In the women’s 100m, Carmelita Jeter flew to a meet record and world leading 10.86 (1.9w), leaving T&T’s Kelly-Ann Baptiste (10.94), Jamaica’s Sherone Simpson (11.07) and Kerron Stewart (11.07) in her trail.
World and Olympic 100m champion Shelly-Ann Fraser-Pryce ran a brilliant curve and held her form to clock 22.10 (2.4w) and defeat Veronica Campbell-Brown (22.37), the Olympic champion, who tried to step with her out of the blocks, and Debbie Ferguson-McKenzie of the Bahamas (22.78).
After the race, Fraser-Pryce said she has been running more 200m this season as part of her preparation program and has grown to love it because it has made her stronger and much better for the 100m. She said the instruction from her coach was to “run the corner really hard.
She further said, despite some ups and downs that she has had, including a lingering a back problem, her faith is much stronger that the problem, and that she was looking forward to having fun and a wonderful season.
When asked whether she was working out on her own, Campbell-Brown the highly decorated sprint queen declined, yet another time, to discuss her train situation. She stressed, however, that she was working hard, that her objective was to make the team and that she planned to double at the World Championships this year. “I love them both and I know I can do both of them equally well.”
The women’s 400m was billed as one of the major events of the meet, featuring Worlds Champion Sanya Richards-Ross and five quarter-milers from the US. However, the evening belonged to Jamaica’s Novelene Williams-Mills, who took control of race early and never faded. She cantered down the homestretch to win in 50.71 ahead of Jamaica’s Rosemarie Whyte (51.15) and Kaliese Spencer (50.30), USA’s Natasha Hastings (51.53), Richards-Ross (51.62), Deedee Trotter (51.91), Jamaica’s Christine Day (52.61) and Shereefa Lloyd (53.16).
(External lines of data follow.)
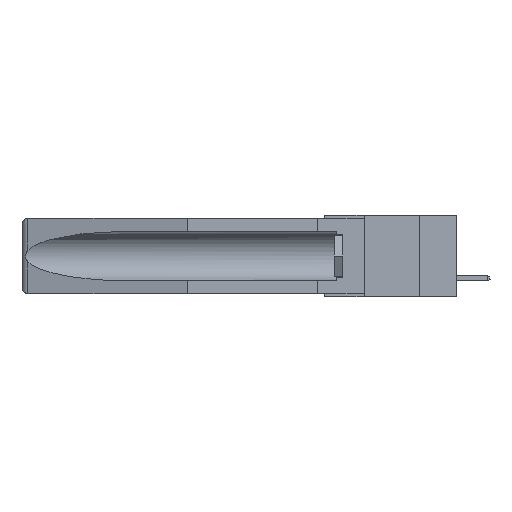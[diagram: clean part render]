
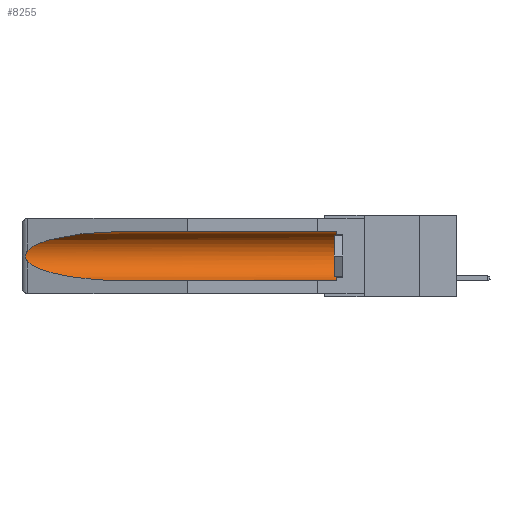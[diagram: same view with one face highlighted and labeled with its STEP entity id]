
A CAD part, left-side view. The second image highlights one B-rep face of the part: STEP entity #8255.
In plain terms, the highlighted cylindrical face has radius 2.857 mm (diameter 5.715 mm), a partial arc.
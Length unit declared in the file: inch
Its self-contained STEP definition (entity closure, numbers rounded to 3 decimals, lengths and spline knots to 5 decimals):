
#127 = CARTESIAN_POINT ( 'NONE',  ( 0.155, -0.30754, -0.1715 ) ) ;
#592 = CARTESIAN_POINT ( 'NONE',  ( 0.26537, 1.52718, -0.14972 ) ) ;
#645 = LINE ( 'NONE', #9088, #17584 ) ;
#1815 = EDGE_CURVE ( 'NONE', #17477, #19791, #12656, .T. ) ;
#2112 = CARTESIAN_POINT ( 'NONE',  ( 0.26537, 1.52718, -0.19328 ) ) ;
#2652 = ORIENTED_EDGE ( 'NONE', *, *, #12395, .T. ) ;
#2851 = LINE ( 'NONE', #19779, #6305 ) ;
#2943 = CARTESIAN_POINT ( 'NONE',  ( 0.2673, 1.5327, -0.16383 ) ) ;
#3199 = DIRECTION ( 'NONE',  ( 0., 1., 0. ) ) ;
#3213 = CARTESIAN_POINT ( 'NONE',  ( 0.2673, 1.53269, -0.17917 ) ) ;
#3537 = CARTESIAN_POINT ( 'NONE',  ( 0.26537, 1.52718, -0.14972 ) ) ;
#3545 = CARTESIAN_POINT ( 'NONE',  ( 0.26537, 1.52718, -0.19328 ) ) ;
#3789 = CARTESIAN_POINT ( 'NONE',  ( 0.155, 1.07973, -0.284 ) ) ;
#4099 = CARTESIAN_POINT ( 'NONE',  ( 0.155, 0.126, -0.1715 ) ) ;
#4812 = CARTESIAN_POINT ( 'NONE',  ( 0.26597, 1.5296, -0.19026 ) ) ;
#5087 =( BOUNDED_CURVE ( )  B_SPLINE_CURVE ( 3, ( #9979, #6757, #8124, #592 ),
 .UNSPECIFIED., .F., .F. ) 
 B_SPLINE_CURVE_WITH_KNOTS ( ( 4, 4 ),
 ( 4.71239, 6.08839 ),
 .UNSPECIFIED. ) 
 CURVE ( )  GEOMETRIC_REPRESENTATION_ITEM ( )  RATIONAL_B_SPLINE_CURVE ( ( 1., 0.848, 0.848, 1. ) ) 
 REPRESENTATION_ITEM ( '' )  );
#5432 = EDGE_CURVE ( 'NONE', #12379, #17328, #6563, .T. ) ;
#5718 = DIRECTION ( 'NONE',  ( 0., 1., 0. ) ) ;
#5972 = VERTEX_POINT ( 'NONE', #6692 ) ;
#6305 = VECTOR ( 'NONE', #5718, 39.37008 ) ;
#6474 = EDGE_CURVE ( 'NONE', #19791, #5972, #645, .T. ) ;
#6563 = B_SPLINE_CURVE_WITH_KNOTS ( 'NONE', 3,
 ( #12466, #9450, #15702, #2943, #13906, #9380, #3213, #14192, #4812, #3545 ),
 .UNSPECIFIED., .F., .F.,
 ( 4, 2, 2, 2, 4 ),
 ( 0., 0.00029, 0.00058, 0.00087, 0.00117 ),
 .UNSPECIFIED. ) ;
#6692 = CARTESIAN_POINT ( 'NONE',  ( 0.155, 1.07973, -0.059 ) ) ;
#6757 = CARTESIAN_POINT ( 'NONE',  ( 0.21114, 1.30732, -0.059 ) ) ;
#7381 = CYLINDRICAL_SURFACE ( 'NONE', #7824, 0.1125 ) ;
#7824 = AXIS2_PLACEMENT_3D ( 'NONE', #127, #3199, #19258 ) ;
#8124 = CARTESIAN_POINT ( 'NONE',  ( 0.25451, 1.48313, -0.09465 ) ) ;
#8255 = ADVANCED_FACE ( 'NONE', ( #15600 ), #7381, .F. ) ;
#9088 = CARTESIAN_POINT ( 'NONE',  ( 0.155, -0.30754, -0.059 ) ) ;
#9154 = DIRECTION ( 'NONE',  ( 0., 0., 1. ) ) ;
#9380 = CARTESIAN_POINT ( 'NONE',  ( 0.2675, 1.53308, -0.17534 ) ) ;
#9450 = CARTESIAN_POINT ( 'NONE',  ( 0.26597, 1.52961, -0.15275 ) ) ;
#9926 = CARTESIAN_POINT ( 'NONE',  ( 0.155, 1.07973, -0.284 ) ) ;
#9979 = CARTESIAN_POINT ( 'NONE',  ( 0.155, 1.07973, -0.059 ) ) ;
#9982 = CARTESIAN_POINT ( 'NONE',  ( 0.21114, 1.30732, -0.284 ) ) ;
#10798 = EDGE_CURVE ( 'NONE', #17477, #14492, #2851, .T. ) ;
#11434 = CARTESIAN_POINT ( 'NONE',  ( 0.25451, 1.48313, -0.24835 ) ) ;
#11571 = CARTESIAN_POINT ( 'NONE',  ( 0.155, 0.126, -0.284 ) ) ;
#12379 = VERTEX_POINT ( 'NONE', #3537 ) ;
#12395 = EDGE_CURVE ( 'NONE', #5972, #12379, #5087, .T. ) ;
#12466 = CARTESIAN_POINT ( 'NONE',  ( 0.26537, 1.52718, -0.14972 ) ) ;
#12656 = CIRCLE ( 'NONE', #13543, 0.1125 ) ;
#13543 = AXIS2_PLACEMENT_3D ( 'NONE', #4099, #16664, #9154 ) ;
#13688 = DIRECTION ( 'NONE',  ( 0., 1., 0. ) ) ;
#13906 = CARTESIAN_POINT ( 'NONE',  ( 0.2675, 1.53308, -0.16763 ) ) ;
#14182 = EDGE_CURVE ( 'NONE', #17328, #14492, #16633, .T. ) ;
#14192 = CARTESIAN_POINT ( 'NONE',  ( 0.26655, 1.53094, -0.18657 ) ) ;
#14492 = VERTEX_POINT ( 'NONE', #3789 ) ;
#14772 = ORIENTED_EDGE ( 'NONE', *, *, #1815, .T. ) ;
#15600 = FACE_OUTER_BOUND ( 'NONE', #19671, .T. ) ;
#15702 = CARTESIAN_POINT ( 'NONE',  ( 0.26654, 1.53092, -0.15636 ) ) ;
#15974 = ORIENTED_EDGE ( 'NONE', *, *, #14182, .T. ) ;
#16633 =( BOUNDED_CURVE ( )  B_SPLINE_CURVE ( 3, ( #2112, #11434, #9982, #9926 ),
 .UNSPECIFIED., .F., .F. ) 
 B_SPLINE_CURVE_WITH_KNOTS ( ( 4, 4 ),
 ( 0.1948, 1.5708 ),
 .UNSPECIFIED. ) 
 CURVE ( )  GEOMETRIC_REPRESENTATION_ITEM ( )  RATIONAL_B_SPLINE_CURVE ( ( 1., 0.848, 0.848, 1. ) ) 
 REPRESENTATION_ITEM ( '' )  );
#16664 = DIRECTION ( 'NONE',  ( 0., -1., 0. ) ) ;
#16806 = ORIENTED_EDGE ( 'NONE', *, *, #5432, .T. ) ;
#17270 = ORIENTED_EDGE ( 'NONE', *, *, #6474, .T. ) ;
#17328 = VERTEX_POINT ( 'NONE', #18991 ) ;
#17477 = VERTEX_POINT ( 'NONE', #11571 ) ;
#17584 = VECTOR ( 'NONE', #13688, 39.37008 ) ;
#17901 = ORIENTED_EDGE ( 'NONE', *, *, #10798, .F. ) ;
#18991 = CARTESIAN_POINT ( 'NONE',  ( 0.26537, 1.52718, -0.19328 ) ) ;
#19258 = DIRECTION ( 'NONE',  ( 0., 0., 1. ) ) ;
#19671 = EDGE_LOOP ( 'NONE', ( #2652, #16806, #15974, #17901, #14772, #17270 ) ) ;
#19779 = CARTESIAN_POINT ( 'NONE',  ( 0.155, -0.30754, -0.284 ) ) ;
#19791 = VERTEX_POINT ( 'NONE', #20324 ) ;
#20324 = CARTESIAN_POINT ( 'NONE',  ( 0.155, 0.126, -0.059 ) ) ;
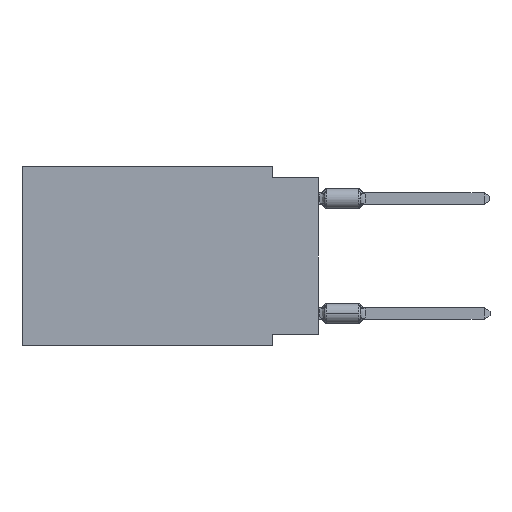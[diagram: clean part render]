
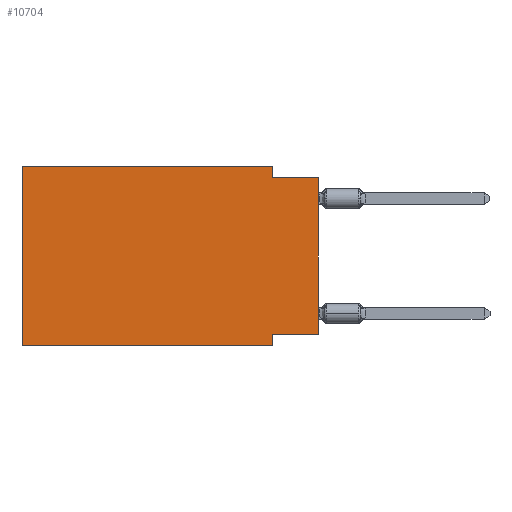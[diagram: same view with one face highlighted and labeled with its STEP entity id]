
A CAD part, left-side view. The second image highlights one B-rep face of the part: STEP entity #10704.
In plain terms, the highlighted planar face has unit normal (-1, 0, 0).
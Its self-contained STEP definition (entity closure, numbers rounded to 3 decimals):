
#122 = ORIENTED_EDGE ( 'NONE', *, *, #13427, .F. ) ;
#488 = ORIENTED_EDGE ( 'NONE', *, *, #18106, .F. ) ;
#921 = LINE ( 'NONE', #14769, #13061 ) ;
#1335 = DIRECTION ( 'NONE',  ( 0., -1., 0. ) ) ;
#1797 = LINE ( 'NONE', #5798, #6023 ) ;
#1855 = CARTESIAN_POINT ( 'NONE',  ( 0., 2.54, 0. ) ) ;
#2511 = DIRECTION ( 'NONE',  ( 0., 0., -1. ) ) ;
#2876 = VECTOR ( 'NONE', #9741, 1000. ) ;
#2915 = VERTEX_POINT ( 'NONE', #13231 ) ;
#3117 = DIRECTION ( 'NONE',  ( 0., -1., 0. ) ) ;
#3324 = EDGE_CURVE ( 'NONE', #8351, #6572, #7597, .T. ) ;
#3836 = CARTESIAN_POINT ( 'NONE',  ( 0., 2.54, -9.271 ) ) ;
#4309 = FACE_OUTER_BOUND ( 'NONE', #24994, .T. ) ;
#5100 = VERTEX_POINT ( 'NONE', #18452 ) ;
#5746 = EDGE_CURVE ( 'NONE', #13038, #5100, #16724, .T. ) ;
#5798 = CARTESIAN_POINT ( 'NONE',  ( 0., 0., -9.271 ) ) ;
#6023 = VECTOR ( 'NONE', #11239, 1000. ) ;
#6195 = ORIENTED_EDGE ( 'NONE', *, *, #22962, .T. ) ;
#6218 = EDGE_CURVE ( 'NONE', #15675, #8351, #1797, .T. ) ;
#6368 = PLANE ( 'NONE',  #18655 ) ;
#6572 = VERTEX_POINT ( 'NONE', #23903 ) ;
#7246 = CARTESIAN_POINT ( 'NONE',  ( 0., 0., -0.635 ) ) ;
#7319 = ORIENTED_EDGE ( 'NONE', *, *, #10768, .T. ) ;
#7399 = CARTESIAN_POINT ( 'NONE',  ( 0., 16.383, -9.906 ) ) ;
#7583 = ORIENTED_EDGE ( 'NONE', *, *, #5746, .F. ) ;
#7597 = LINE ( 'NONE', #11998, #14957 ) ;
#7930 = LINE ( 'NONE', #1855, #2876 ) ;
#8351 = VERTEX_POINT ( 'NONE', #3836 ) ;
#8595 = DIRECTION ( 'NONE',  ( 0., 0., 1. ) ) ;
#9099 = DIRECTION ( 'NONE',  ( 0., 0., 1. ) ) ;
#9116 = VERTEX_POINT ( 'NONE', #15408 ) ;
#9366 = ORIENTED_EDGE ( 'NONE', *, *, #3324, .F. ) ;
#9741 = DIRECTION ( 'NONE',  ( 0., 0., -1. ) ) ;
#10659 = LINE ( 'NONE', #18706, #18081 ) ;
#10704 = ADVANCED_FACE ( 'NONE', ( #4309 ), #6368, .F. ) ;
#10743 = VECTOR ( 'NONE', #9099, 1000. ) ;
#10761 = CARTESIAN_POINT ( 'NONE',  ( 0., 16.383, 0. ) ) ;
#10768 = EDGE_CURVE ( 'NONE', #2915, #6572, #22948, .T. ) ;
#11208 = VECTOR ( 'NONE', #1335, 1000. ) ;
#11239 = DIRECTION ( 'NONE',  ( 0., 1., 0. ) ) ;
#11557 = LINE ( 'NONE', #24908, #10743 ) ;
#11928 = CARTESIAN_POINT ( 'NONE',  ( 0., 0., -9.271 ) ) ;
#11998 = CARTESIAN_POINT ( 'NONE',  ( 0., 2.54, -9.906 ) ) ;
#13038 = VERTEX_POINT ( 'NONE', #20308 ) ;
#13061 = VECTOR ( 'NONE', #16337, 1000. ) ;
#13198 = EDGE_CURVE ( 'NONE', #2915, #19955, #11557, .T. ) ;
#13231 = CARTESIAN_POINT ( 'NONE',  ( 0., 16.383, -9.906 ) ) ;
#13427 = EDGE_CURVE ( 'NONE', #9116, #13038, #7930, .T. ) ;
#13945 = DIRECTION ( 'NONE',  ( 0., 0., -1. ) ) ;
#14283 = CARTESIAN_POINT ( 'NONE',  ( 0., 16.383, 0. ) ) ;
#14769 = CARTESIAN_POINT ( 'NONE',  ( 0., 16.383, 0. ) ) ;
#14957 = VECTOR ( 'NONE', #13945, 1000. ) ;
#15408 = CARTESIAN_POINT ( 'NONE',  ( 0., 2.54, 0. ) ) ;
#15675 = VERTEX_POINT ( 'NONE', #11928 ) ;
#16337 = DIRECTION ( 'NONE',  ( 0., -1., 0. ) ) ;
#16724 = LINE ( 'NONE', #7246, #25033 ) ;
#18081 = VECTOR ( 'NONE', #8595, 1000. ) ;
#18106 = EDGE_CURVE ( 'NONE', #19955, #9116, #921, .T. ) ;
#18452 = CARTESIAN_POINT ( 'NONE',  ( 0., 0., -0.635 ) ) ;
#18655 = AXIS2_PLACEMENT_3D ( 'NONE', #14283, #22200, #2511 ) ;
#18706 = CARTESIAN_POINT ( 'NONE',  ( 0., 0., 0. ) ) ;
#19955 = VERTEX_POINT ( 'NONE', #10761 ) ;
#20308 = CARTESIAN_POINT ( 'NONE',  ( 0., 2.54, -0.635 ) ) ;
#21965 = ORIENTED_EDGE ( 'NONE', *, *, #6218, .F. ) ;
#22200 = DIRECTION ( 'NONE',  ( 1., 0., 0. ) ) ;
#22506 = ORIENTED_EDGE ( 'NONE', *, *, #13198, .F. ) ;
#22948 = LINE ( 'NONE', #7399, #11208 ) ;
#22962 = EDGE_CURVE ( 'NONE', #15675, #5100, #10659, .T. ) ;
#23903 = CARTESIAN_POINT ( 'NONE',  ( 0., 2.54, -9.906 ) ) ;
#24908 = CARTESIAN_POINT ( 'NONE',  ( 0., 16.383, 0. ) ) ;
#24994 = EDGE_LOOP ( 'NONE', ( #6195, #7583, #122, #488, #22506, #7319, #9366, #21965 ) ) ;
#25033 = VECTOR ( 'NONE', #3117, 1000. ) ;

In the men’s equivalent, Chris Brown of the Bahamas got out early in the race and was later overhauled by Jamaica’s record holder Jermaine Gonzales. However, the veteran made a late burst down the home-straight to win in 45.37 over Renny Quow (45.37), Gonzales (45.52), Calvin Smith of the US (45.56), and Nery Brenes of Cost Rica (45.79). The Jamaican and Racers Track Club trio of Edino Steele, Allodin Fothergill and Ricardo Chambers finished in the last three places, all posting times in the 46secs range.
Jamaica’s Kenia Sinclair continued to show good form in winning the women’s 800m in 1 minute, 58.41 seconds. Second place went to the American Phoebe Wright with 1:59.98. A week ago at the Penn Relays, Sinclair ran a 1:57.06 leg to anchor Jamaica to victory in the USA vs. the World sprint medley.